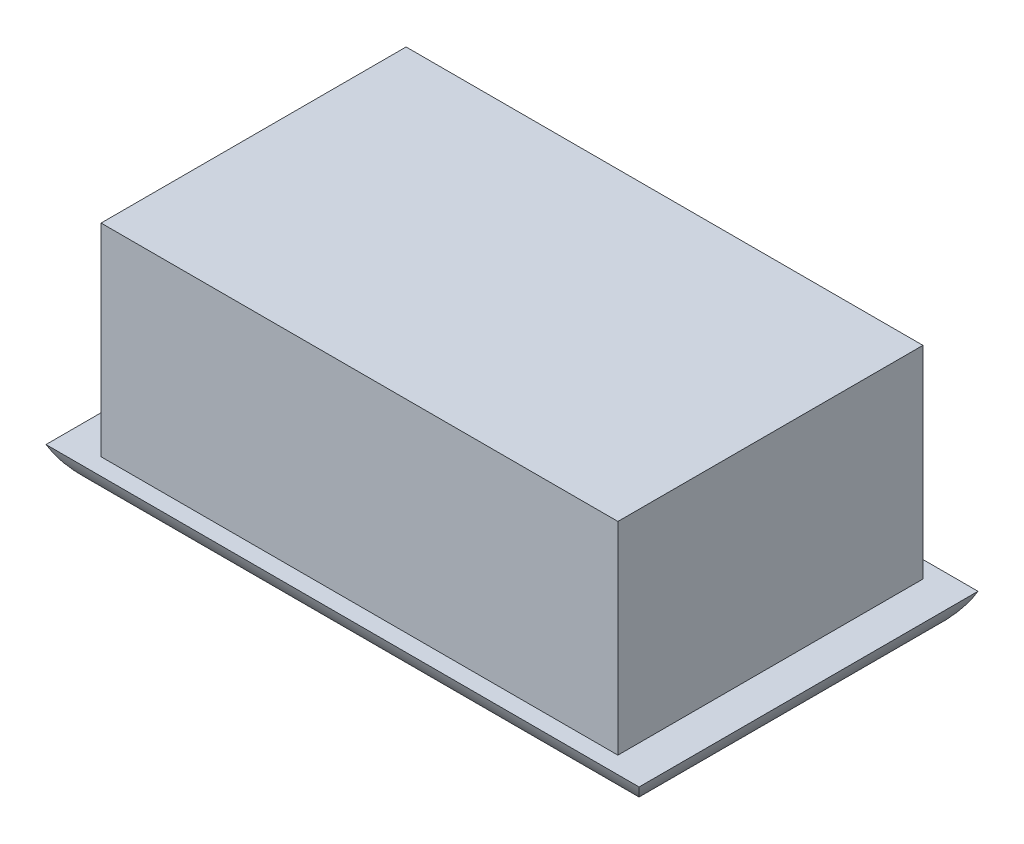
ISO-10303-21;
HEADER;
FILE_DESCRIPTION(('STEP AP214'),'2;1');
FILE_NAME('part.step','',(''),(''),'','','');
FILE_SCHEMA(('AUTOMOTIVE_DESIGN { 1 0 10303 214 1 1 1 1 }'));
ENDSEC;
DATA;
#1=APPLICATION_CONTEXT('core data for automotive mechanical design processes');
#2=APPLICATION_PROTOCOL_DEFINITION('international standard','automotive_design',2000,#1);
#3=PRODUCT_CONTEXT('',#1,'mechanical');
#4=PRODUCT('Part','Part','',(#3));
#5=PRODUCT_RELATED_PRODUCT_CATEGORY('part','',(#4));
#6=PRODUCT_DEFINITION_FORMATION('','',#4);
#7=PRODUCT_DEFINITION_CONTEXT('part definition',#1,'design');
#8=PRODUCT_DEFINITION('design','',#6,#7);
#9=PRODUCT_DEFINITION_SHAPE('','',#8);
#10=(LENGTH_UNIT() NAMED_UNIT(*) SI_UNIT(.MILLI.,.METRE.));
#11=(NAMED_UNIT(*) PLANE_ANGLE_UNIT() SI_UNIT($,.RADIAN.));
#12=(NAMED_UNIT(*) SI_UNIT($,.STERADIAN.) SOLID_ANGLE_UNIT());
#13=UNCERTAINTY_MEASURE_WITH_UNIT(LENGTH_MEASURE(1.E-05),#10,'distance_accuracy_value','');
#14=(GEOMETRIC_REPRESENTATION_CONTEXT(3) GLOBAL_UNCERTAINTY_ASSIGNED_CONTEXT((#13)) GLOBAL_UNIT_ASSIGNED_CONTEXT((#10,
#11,#12)) REPRESENTATION_CONTEXT('',''));
#15=CARTESIAN_POINT('',(0.,0.,0.));
#16=DIRECTION('',(0.,0.,1.));
#17=DIRECTION('',(1.,0.,0.));
#18=AXIS2_PLACEMENT_3D('',#15,#16,#17);
#19=CARTESIAN_POINT('',(25.7872555341905,-20.,-20.));
#20=DIRECTION('',(0.,0.,-1.));
#21=DIRECTION('',(-1.,0.,0.));
#22=AXIS2_PLACEMENT_3D('',#19,#20,#21);
#23=CYLINDRICAL_SURFACE('',#22,10.);
#24=CARTESIAN_POINT('',(25.7872555341905,-20.,-10.7872555341905));
#25=DIRECTION('',(0.707106781186548,0.,0.707106781186548));
#26=DIRECTION('',(-0.707106781186548,0.,0.707106781186548));
#27=AXIS2_PLACEMENT_3D('',#24,#25,#26);
#28=ELLIPSE('',#27,14.1421356237309,10.);
#29=CARTESIAN_POINT('',(25.7872555341905,-30.,-10.7872555341905));
#30=VERTEX_POINT('',#29);
#31=CARTESIAN_POINT('',(35.,-23.8891309321872,-20.));
#32=VERTEX_POINT('',#31);
#33=EDGE_CURVE('E20',#30,#32,#28,.T.);
#34=ORIENTED_EDGE('',*,*,#33,.T.);
#35=DIRECTION('',(0.,0.,1.));
#36=VECTOR('',#35,1.);
#37=CARTESIAN_POINT('',(35.,-23.8891309321872,-20.));
#38=LINE('',#37,#36);
#39=CARTESIAN_POINT('',(35.,-23.8891309321872,20.));
#40=VERTEX_POINT('',#39);
#41=EDGE_CURVE('E195',#32,#40,#38,.T.);
#42=ORIENTED_EDGE('',*,*,#41,.T.);
#43=CARTESIAN_POINT('',(25.7872555341905,-20.,10.7872555341905));
#44=DIRECTION('',(0.707106781186548,0.,-0.707106781186548));
#45=DIRECTION('',(0.707106781186548,0.,0.707106781186548));
#46=AXIS2_PLACEMENT_3D('',#43,#44,#45);
#47=ELLIPSE('',#46,14.1421356237309,10.);
#48=CARTESIAN_POINT('',(25.7872555341905,-30.,10.7872555341905));
#49=VERTEX_POINT('',#48);
#50=EDGE_CURVE('E11',#40,#49,#47,.T.);
#51=ORIENTED_EDGE('',*,*,#50,.T.);
#52=DIRECTION('',(0.,0.,1.));
#53=VECTOR('',#52,1.);
#54=CARTESIAN_POINT('',(25.7872555341905,-30.,20.));
#55=LINE('',#54,#53);
#56=EDGE_CURVE('E258',#30,#49,#55,.T.);
#57=ORIENTED_EDGE('',*,*,#56,.F.);
#58=EDGE_LOOP('',(#34,#42,#51,#57));
#59=FACE_BOUND('',#58,.T.);
#60=ADVANCED_FACE('F17',(#59),#23,.T.);
#61=CARTESIAN_POINT('',(35.,-20.,10.7872555341905));
#62=DIRECTION('',(1.,0.,0.));
#63=DIRECTION('',(0.,0.,-1.));
#64=AXIS2_PLACEMENT_3D('',#61,#62,#63);
#65=CYLINDRICAL_SURFACE('',#64,10.);
#66=CARTESIAN_POINT('',(19.3495577730773,-20.,10.7872555341905));
#67=DIRECTION('',(-0.707106781186548,0.,-0.707106781186548));
#68=DIRECTION('',(0.707106781186548,0.,-0.707106781186548));
#69=AXIS2_PLACEMENT_3D('',#66,#67,#68);
#70=ELLIPSE('',#69,14.1421356237309,10.);
#71=CARTESIAN_POINT('',(19.3495577730773,-30.,10.7872555341905));
#72=VERTEX_POINT('',#71);
#73=CARTESIAN_POINT('',(17.5684066536339,-29.8400965792875,12.5684066536339));
#74=VERTEX_POINT('',#73);
#75=EDGE_CURVE('E219',#72,#74,#70,.T.);
#76=ORIENTED_EDGE('',*,*,#75,.F.);
#77=DIRECTION('',(-1.,0.,0.));
#78=VECTOR('',#77,1.);
#79=CARTESIAN_POINT('',(-35.,-30.,10.7872555341905));
#80=LINE('',#79,#78);
#81=EDGE_CURVE('E616',#49,#72,#80,.T.);
#82=ORIENTED_EDGE('',*,*,#81,.F.);
#83=ORIENTED_EDGE('',*,*,#50,.F.);
#84=DIRECTION('',(-1.,0.,0.));
#85=VECTOR('',#84,1.);
#86=CARTESIAN_POINT('',(35.,-23.8891309321872,20.));
#87=LINE('',#86,#85);
#88=CARTESIAN_POINT('',(-35.,-23.8891309321872,20.));
#89=VERTEX_POINT('',#88);
#90=EDGE_CURVE('E191',#40,#89,#87,.T.);
#91=ORIENTED_EDGE('',*,*,#90,.T.);
#92=CARTESIAN_POINT('',(-25.7872555341905,-20.,10.7872555341905));
#93=DIRECTION('',(0.707106781186548,0.,0.707106781186548));
#94=DIRECTION('',(-0.707106781186548,0.,0.707106781186548));
#95=AXIS2_PLACEMENT_3D('',#92,#93,#94);
#96=ELLIPSE('',#95,14.1421356237309,10.);
#97=CARTESIAN_POINT('',(-25.7872555341905,-30.,10.7872555341905));
#98=VERTEX_POINT('',#97);
#99=EDGE_CURVE('E242',#89,#98,#96,.T.);
#100=ORIENTED_EDGE('',*,*,#99,.T.);
#101=DIRECTION('',(-1.,0.,0.));
#102=VECTOR('',#101,1.);
#103=CARTESIAN_POINT('',(-35.,-30.,10.7872555341905));
#104=LINE('',#103,#102);
#105=CARTESIAN_POINT('',(-19.3495577730773,-30.,10.7872555341905));
#106=VERTEX_POINT('',#105);
#107=EDGE_CURVE('E211',#106,#98,#104,.T.);
#108=ORIENTED_EDGE('',*,*,#107,.F.);
#109=CARTESIAN_POINT('',(-19.3495577730773,-20.,10.7872555341905));
#110=DIRECTION('',(0.707106781186548,0.,-0.707106781186548));
#111=DIRECTION('',(0.707106781186548,0.,0.707106781186548));
#112=AXIS2_PLACEMENT_3D('',#109,#110,#111);
#113=ELLIPSE('',#112,14.1421356237309,10.);
#114=CARTESIAN_POINT('',(-17.5684066536339,-29.8400965792875,12.5684066536339));
#115=VERTEX_POINT('',#114);
#116=EDGE_CURVE('E148',#115,#106,#113,.T.);
#117=ORIENTED_EDGE('',*,*,#116,.F.);
#118=DIRECTION('',(-1.,0.,0.));
#119=VECTOR('',#118,1.);
#120=CARTESIAN_POINT('',(17.5684066536339,-29.8400965792875,12.5684066536339));
#121=LINE('',#120,#119);
#122=EDGE_CURVE('E39',#74,#115,#121,.T.);
#123=ORIENTED_EDGE('',*,*,#122,.F.);
#124=EDGE_LOOP('',(#76,#82,#83,#91,#100,#108,#117,#123));
#125=FACE_BOUND('',#124,.T.);
#126=ADVANCED_FACE('F269',(#125),#65,.T.);
#127=CARTESIAN_POINT('',(-35.,-20.,-10.7872555341905));
#128=DIRECTION('',(-1.,0.,0.));
#129=DIRECTION('',(0.,0.,1.));
#130=AXIS2_PLACEMENT_3D('',#127,#128,#129);
#131=CYLINDRICAL_SURFACE('',#130,10.);
#132=CARTESIAN_POINT('',(-25.7872555341905,-20.,-10.7872555341905));
#133=DIRECTION('',(0.707106781186548,0.,-0.707106781186548));
#134=DIRECTION('',(0.707106781186548,0.,0.707106781186548));
#135=AXIS2_PLACEMENT_3D('',#132,#133,#134);
#136=ELLIPSE('',#135,14.1421356237309,10.);
#137=CARTESIAN_POINT('',(-25.7872555341905,-30.,-10.7872555341905));
#138=VERTEX_POINT('',#137);
#139=CARTESIAN_POINT('',(-35.,-23.8891309321872,-20.));
#140=VERTEX_POINT('',#139);
#141=EDGE_CURVE('E244',#138,#140,#136,.T.);
#142=ORIENTED_EDGE('',*,*,#141,.T.);
#143=DIRECTION('',(1.,0.,0.));
#144=VECTOR('',#143,1.);
#145=CARTESIAN_POINT('',(-35.,-23.8891309321872,-20.));
#146=LINE('',#145,#144);
#147=EDGE_CURVE('E183',#140,#32,#146,.T.);
#148=ORIENTED_EDGE('',*,*,#147,.T.);
#149=ORIENTED_EDGE('',*,*,#33,.F.);
#150=DIRECTION('',(1.,0.,0.));
#151=VECTOR('',#150,1.);
#152=CARTESIAN_POINT('',(35.,-30.,-10.7872555341905));
#153=LINE('',#152,#151);
#154=CARTESIAN_POINT('',(19.3495577730773,-30.,-10.7872555341905));
#155=VERTEX_POINT('',#154);
#156=EDGE_CURVE('E626',#155,#30,#153,.T.);
#157=ORIENTED_EDGE('',*,*,#156,.F.);
#158=CARTESIAN_POINT('',(19.3495577730773,-20.,-10.7872555341905));
#159=DIRECTION('',(-0.707106781186548,0.,0.707106781186548));
#160=DIRECTION('',(-0.707106781186548,0.,-0.707106781186548));
#161=AXIS2_PLACEMENT_3D('',#158,#159,#160);
#162=ELLIPSE('',#161,14.1421356237309,10.);
#163=CARTESIAN_POINT('',(17.5684066536339,-29.8400965792875,-12.5684066536339));
#164=VERTEX_POINT('',#163);
#165=EDGE_CURVE('E215',#164,#155,#162,.T.);
#166=ORIENTED_EDGE('',*,*,#165,.F.);
#167=DIRECTION('',(1.,0.,0.));
#168=VECTOR('',#167,1.);
#169=CARTESIAN_POINT('',(-17.5684066536339,-29.8400965792875,-12.5684066536339));
#170=LINE('',#169,#168);
#171=CARTESIAN_POINT('',(-17.5684066536339,-29.8400965792875,-12.5684066536339));
#172=VERTEX_POINT('',#171);
#173=EDGE_CURVE('E225',#172,#164,#170,.T.);
#174=ORIENTED_EDGE('',*,*,#173,.F.);
#175=CARTESIAN_POINT('',(-19.3495577730773,-20.,-10.7872555341905));
#176=DIRECTION('',(0.707106781186548,0.,0.707106781186548));
#177=DIRECTION('',(-0.707106781186548,0.,0.707106781186548));
#178=AXIS2_PLACEMENT_3D('',#175,#176,#177);
#179=ELLIPSE('',#178,14.1421356237309,10.);
#180=CARTESIAN_POINT('',(-19.3495577730773,-30.,-10.7872555341905));
#181=VERTEX_POINT('',#180);
#182=EDGE_CURVE('E149',#181,#172,#179,.T.);
#183=ORIENTED_EDGE('',*,*,#182,.F.);
#184=DIRECTION('',(1.,0.,0.));
#185=VECTOR('',#184,1.);
#186=CARTESIAN_POINT('',(35.,-30.,-10.7872555341905));
#187=LINE('',#186,#185);
#188=EDGE_CURVE('E203',#138,#181,#187,.T.);
#189=ORIENTED_EDGE('',*,*,#188,.F.);
#190=EDGE_LOOP('',(#142,#148,#149,#157,#166,#174,#183,#189));
#191=FACE_BOUND('',#190,.T.);
#192=ADVANCED_FACE('F266',(#191),#131,.T.);
#193=CARTESIAN_POINT('',(-25.7872555341905,-20.,20.));
#194=DIRECTION('',(0.,0.,1.));
#195=DIRECTION('',(1.,0.,0.));
#196=AXIS2_PLACEMENT_3D('',#193,#194,#195);
#197=CYLINDRICAL_SURFACE('',#196,10.);
#198=ORIENTED_EDGE('',*,*,#99,.F.);
#199=DIRECTION('',(0.,0.,-1.));
#200=VECTOR('',#199,1.);
#201=CARTESIAN_POINT('',(-35.,-23.8891309321872,20.));
#202=LINE('',#201,#200);
#203=EDGE_CURVE('E187',#89,#140,#202,.T.);
#204=ORIENTED_EDGE('',*,*,#203,.T.);
#205=ORIENTED_EDGE('',*,*,#141,.F.);
#206=DIRECTION('',(0.,0.,-1.));
#207=VECTOR('',#206,1.);
#208=CARTESIAN_POINT('',(-25.7872555341905,-30.,-20.));
#209=LINE('',#208,#207);
#210=EDGE_CURVE('E199',#98,#138,#209,.T.);
#211=ORIENTED_EDGE('',*,*,#210,.F.);
#212=EDGE_LOOP('',(#198,#204,#205,#211));
#213=FACE_BOUND('',#212,.T.);
#214=ADVANCED_FACE('F268',(#213),#197,.T.);
#215=CARTESIAN_POINT('',(12.5,-20.,14.3495577730773));
#216=DIRECTION('',(1.,0.,0.));
#217=DIRECTION('',(0.,0.,-1.));
#218=AXIS2_PLACEMENT_3D('',#215,#216,#217);
#219=CYLINDRICAL_SURFACE('',#218,10.);
#220=CARTESIAN_POINT('',(19.3495577730773,-20.,14.3495577730773));
#221=DIRECTION('',(-0.707106781186548,0.,0.707106781186548));
#222=DIRECTION('',(0.707106781186548,0.,0.707106781186548));
#223=AXIS2_PLACEMENT_3D('',#220,#221,#222);
#224=ELLIPSE('',#223,14.1421356237309,10.);
#225=CARTESIAN_POINT('',(12.5,-27.2858464376678,7.5));
#226=VERTEX_POINT('',#225);
#227=EDGE_CURVE('E235',#226,#74,#224,.T.);
#228=ORIENTED_EDGE('',*,*,#227,.T.);
#229=ORIENTED_EDGE('',*,*,#122,.T.);
#230=CARTESIAN_POINT('',(-19.3495577730773,-20.,14.3495577730773));
#231=DIRECTION('',(0.707106781186548,0.,0.707106781186548));
#232=DIRECTION('',(0.707106781186548,0.,-0.707106781186548));
#233=AXIS2_PLACEMENT_3D('',#230,#231,#232);
#234=ELLIPSE('',#233,14.1421356237309,10.);
#235=CARTESIAN_POINT('',(-12.5,-27.2858464376678,7.5));
#236=VERTEX_POINT('',#235);
#237=EDGE_CURVE('E140',#115,#236,#234,.T.);
#238=ORIENTED_EDGE('',*,*,#237,.T.);
#239=DIRECTION('',(-1.,0.,0.));
#240=VECTOR('',#239,1.);
#241=CARTESIAN_POINT('',(12.5,-27.2858464376678,7.5));
#242=LINE('',#241,#240);
#243=EDGE_CURVE('E144',#226,#236,#242,.T.);
#244=ORIENTED_EDGE('',*,*,#243,.F.);
#245=EDGE_LOOP('',(#228,#229,#238,#244));
#246=FACE_BOUND('',#245,.T.);
#247=ADVANCED_FACE('F142',(#246),#219,.T.);
#248=CARTESIAN_POINT('',(-19.3495577730773,-20.,7.5));
#249=DIRECTION('',(0.,0.,1.));
#250=DIRECTION('',(1.,0.,0.));
#251=AXIS2_PLACEMENT_3D('',#248,#249,#250);
#252=CYLINDRICAL_SURFACE('',#251,10.);
#253=DIRECTION('',(0.,0.,1.));
#254=VECTOR('',#253,1.);
#255=CARTESIAN_POINT('',(-19.3495577730773,-30.,7.5));
#256=LINE('',#255,#254);
#257=EDGE_CURVE('E207',#181,#106,#256,.T.);
#258=ORIENTED_EDGE('',*,*,#257,.F.);
#259=ORIENTED_EDGE('',*,*,#182,.T.);
#260=CARTESIAN_POINT('',(-19.3495577730773,-20.,-14.3495577730773));
#261=DIRECTION('',(-0.707106781186548,0.,0.707106781186548));
#262=DIRECTION('',(0.707106781186548,0.,0.707106781186548));
#263=AXIS2_PLACEMENT_3D('',#260,#261,#262);
#264=ELLIPSE('',#263,14.1421356237309,10.);
#265=CARTESIAN_POINT('',(-12.5,-27.2858464376678,-7.5));
#266=VERTEX_POINT('',#265);
#267=EDGE_CURVE('E156',#172,#266,#264,.T.);
#268=ORIENTED_EDGE('',*,*,#267,.T.);
#269=DIRECTION('',(0.,0.,-1.));
#270=VECTOR('',#269,1.);
#271=CARTESIAN_POINT('',(-12.5,-27.2858464376678,7.5));
#272=LINE('',#271,#270);
#273=EDGE_CURVE('E152',#236,#266,#272,.T.);
#274=ORIENTED_EDGE('',*,*,#273,.F.);
#275=ORIENTED_EDGE('',*,*,#237,.F.);
#276=ORIENTED_EDGE('',*,*,#116,.T.);
#277=EDGE_LOOP('',(#258,#259,#268,#274,#275,#276));
#278=FACE_BOUND('',#277,.T.);
#279=ADVANCED_FACE('F154',(#278),#252,.T.);
#280=CARTESIAN_POINT('',(19.3495577730773,-20.,-7.5));
#281=DIRECTION('',(0.,0.,-1.));
#282=DIRECTION('',(-1.,0.,0.));
#283=AXIS2_PLACEMENT_3D('',#280,#281,#282);
#284=CYLINDRICAL_SURFACE('',#283,10.);
#285=CARTESIAN_POINT('',(19.3495577730773,-20.,-14.3495577730773));
#286=DIRECTION('',(0.707106781186548,0.,0.707106781186548));
#287=DIRECTION('',(0.707106781186548,0.,-0.707106781186548));
#288=AXIS2_PLACEMENT_3D('',#285,#286,#287);
#289=ELLIPSE('',#288,14.1421356237309,10.);
#290=CARTESIAN_POINT('',(12.5,-27.2858464376678,-7.5));
#291=VERTEX_POINT('',#290);
#292=EDGE_CURVE('E220',#291,#164,#289,.T.);
#293=ORIENTED_EDGE('',*,*,#292,.T.);
#294=ORIENTED_EDGE('',*,*,#165,.T.);
#295=DIRECTION('',(0.,0.,-1.));
#296=VECTOR('',#295,1.);
#297=CARTESIAN_POINT('',(19.3495577730773,-30.,-7.5));
#298=LINE('',#297,#296);
#299=EDGE_CURVE('E631',#72,#155,#298,.T.);
#300=ORIENTED_EDGE('',*,*,#299,.F.);
#301=ORIENTED_EDGE('',*,*,#75,.T.);
#302=ORIENTED_EDGE('',*,*,#227,.F.);
#303=DIRECTION('',(0.,0.,1.));
#304=VECTOR('',#303,1.);
#305=CARTESIAN_POINT('',(12.5,-27.2858464376678,-7.5));
#306=LINE('',#305,#304);
#307=EDGE_CURVE('E164',#291,#226,#306,.T.);
#308=ORIENTED_EDGE('',*,*,#307,.F.);
#309=EDGE_LOOP('',(#293,#294,#300,#301,#302,#308));
#310=FACE_BOUND('',#309,.T.);
#311=ADVANCED_FACE('F328',(#310),#284,.T.);
#312=CARTESIAN_POINT('',(-12.5,-20.,-14.3495577730773));
#313=DIRECTION('',(-1.,0.,0.));
#314=DIRECTION('',(0.,0.,1.));
#315=AXIS2_PLACEMENT_3D('',#312,#313,#314);
#316=CYLINDRICAL_SURFACE('',#315,10.);
#317=ORIENTED_EDGE('',*,*,#267,.F.);
#318=ORIENTED_EDGE('',*,*,#173,.T.);
#319=ORIENTED_EDGE('',*,*,#292,.F.);
#320=DIRECTION('',(1.,0.,0.));
#321=VECTOR('',#320,1.);
#322=CARTESIAN_POINT('',(-12.5,-27.2858464376678,-7.5));
#323=LINE('',#322,#321);
#324=EDGE_CURVE('E171',#266,#291,#323,.T.);
#325=ORIENTED_EDGE('',*,*,#324,.F.);
#326=EDGE_LOOP('',(#317,#318,#319,#325));
#327=FACE_BOUND('',#326,.T.);
#328=ADVANCED_FACE('F339',(#327),#316,.T.);
#329=CARTESIAN_POINT('',(0.,-27.2858464376678,0.));
#330=DIRECTION('',(0.,-1.,0.));
#331=DIRECTION('',(0.,0.,-1.));
#332=AXIS2_PLACEMENT_3D('',#329,#330,#331);
#333=PLANE('',#332);
#334=ORIENTED_EDGE('',*,*,#324,.T.);
#335=ORIENTED_EDGE('',*,*,#307,.T.);
#336=ORIENTED_EDGE('',*,*,#243,.T.);
#337=ORIENTED_EDGE('',*,*,#273,.T.);
#338=EDGE_LOOP('',(#334,#335,#336,#337));
#339=FACE_BOUND('',#338,.T.);
#340=ADVANCED_FACE('F162',(#339),#333,.T.);
#341=CARTESIAN_POINT('',(0.,-30.,0.));
#342=DIRECTION('',(0.,-1.,0.));
#343=DIRECTION('',(0.,0.,-1.));
#344=AXIS2_PLACEMENT_3D('',#341,#342,#343);
#345=PLANE('',#344);
#346=ORIENTED_EDGE('',*,*,#210,.T.);
#347=ORIENTED_EDGE('',*,*,#188,.T.);
#348=ORIENTED_EDGE('',*,*,#257,.T.);
#349=ORIENTED_EDGE('',*,*,#107,.T.);
#350=EDGE_LOOP('',(#346,#347,#348,#349));
#351=FACE_BOUND('',#350,.T.);
#352=ADVANCED_FACE('F360',(#351),#345,.T.);
#353=CARTESIAN_POINT('',(0.,-23.8891309321872,0.));
#354=DIRECTION('',(0.,-1.,0.));
#355=DIRECTION('',(0.,0.,-1.));
#356=AXIS2_PLACEMENT_3D('',#353,#354,#355);
#357=PLANE('',#356);
#358=ORIENTED_EDGE('',*,*,#147,.F.);
#359=ORIENTED_EDGE('',*,*,#203,.F.);
#360=ORIENTED_EDGE('',*,*,#90,.F.);
#361=ORIENTED_EDGE('',*,*,#41,.F.);
#362=EDGE_LOOP('',(#358,#359,#360,#361));
#363=FACE_BOUND('',#362,.T.);
#364=DIRECTION('',(0.,0.,1.));
#365=VECTOR('',#364,1.);
#366=CARTESIAN_POINT('',(30.5,-23.8891309321872,-18.));
#367=LINE('',#366,#365);
#368=CARTESIAN_POINT('',(30.5,-23.8891309321872,-18.));
#369=VERTEX_POINT('',#368);
#370=CARTESIAN_POINT('',(30.5,-23.8891309321872,18.));
#371=VERTEX_POINT('',#370);
#372=EDGE_CURVE('E582',#369,#371,#367,.T.);
#373=ORIENTED_EDGE('',*,*,#372,.T.);
#374=DIRECTION('',(-1.,0.,0.));
#375=VECTOR('',#374,1.);
#376=CARTESIAN_POINT('',(30.5,-23.8891309321872,18.));
#377=LINE('',#376,#375);
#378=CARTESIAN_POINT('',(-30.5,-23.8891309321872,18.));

********************

Your assignment: Only the lines from where the data begins to the line with "#25=DIRECTION('',(0.707106781186548,0.,0.707106781186548));", both of them included, should be reproduced word for word; no pictures.

Task response:
ISO-10303-21;
HEADER;
FILE_DESCRIPTION(('STEP AP214'),'2;1');
FILE_NAME('part.step','',(''),(''),'','','');
FILE_SCHEMA(('AUTOMOTIVE_DESIGN { 1 0 10303 214 1 1 1 1 }'));
ENDSEC;
DATA;
#1=APPLICATION_CONTEXT('core data for automotive mechanical design processes');
#2=APPLICATION_PROTOCOL_DEFINITION('international standard','automotive_design',2000,#1);
#3=PRODUCT_CONTEXT('',#1,'mechanical');
#4=PRODUCT('Part','Part','',(#3));
#5=PRODUCT_RELATED_PRODUCT_CATEGORY('part','',(#4));
#6=PRODUCT_DEFINITION_FORMATION('','',#4);
#7=PRODUCT_DEFINITION_CONTEXT('part definition',#1,'design');
#8=PRODUCT_DEFINITION('design','',#6,#7);
#9=PRODUCT_DEFINITION_SHAPE('','',#8);
#10=(LENGTH_UNIT() NAMED_UNIT(*) SI_UNIT(.MILLI.,.METRE.));
#11=(NAMED_UNIT(*) PLANE_ANGLE_UNIT() SI_UNIT($,.RADIAN.));
#12=(NAMED_UNIT(*) SI_UNIT($,.STERADIAN.) SOLID_ANGLE_UNIT());
#13=UNCERTAINTY_MEASURE_WITH_UNIT(LENGTH_MEASURE(1.E-05),#10,'distance_accuracy_value','');
#14=(GEOMETRIC_REPRESENTATION_CONTEXT(3) GLOBAL_UNCERTAINTY_ASSIGNED_CONTEXT((#13)) GLOBAL_UNIT_ASSIGNED_CONTEXT((#10,
#11,#12)) REPRESENTATION_CONTEXT('',''));
#15=CARTESIAN_POINT('',(0.,0.,0.));
#16=DIRECTION('',(0.,0.,1.));
#17=DIRECTION('',(1.,0.,0.));
#18=AXIS2_PLACEMENT_3D('',#15,#16,#17);
#19=CARTESIAN_POINT('',(25.7872555341905,-20.,-20.));
#20=DIRECTION('',(0.,0.,-1.));
#21=DIRECTION('',(-1.,0.,0.));
#22=AXIS2_PLACEMENT_3D('',#19,#20,#21);
#23=CYLINDRICAL_SURFACE('',#22,10.);
#24=CARTESIAN_POINT('',(25.7872555341905,-20.,-10.7872555341905));
#25=DIRECTION('',(0.707106781186548,0.,0.707106781186548));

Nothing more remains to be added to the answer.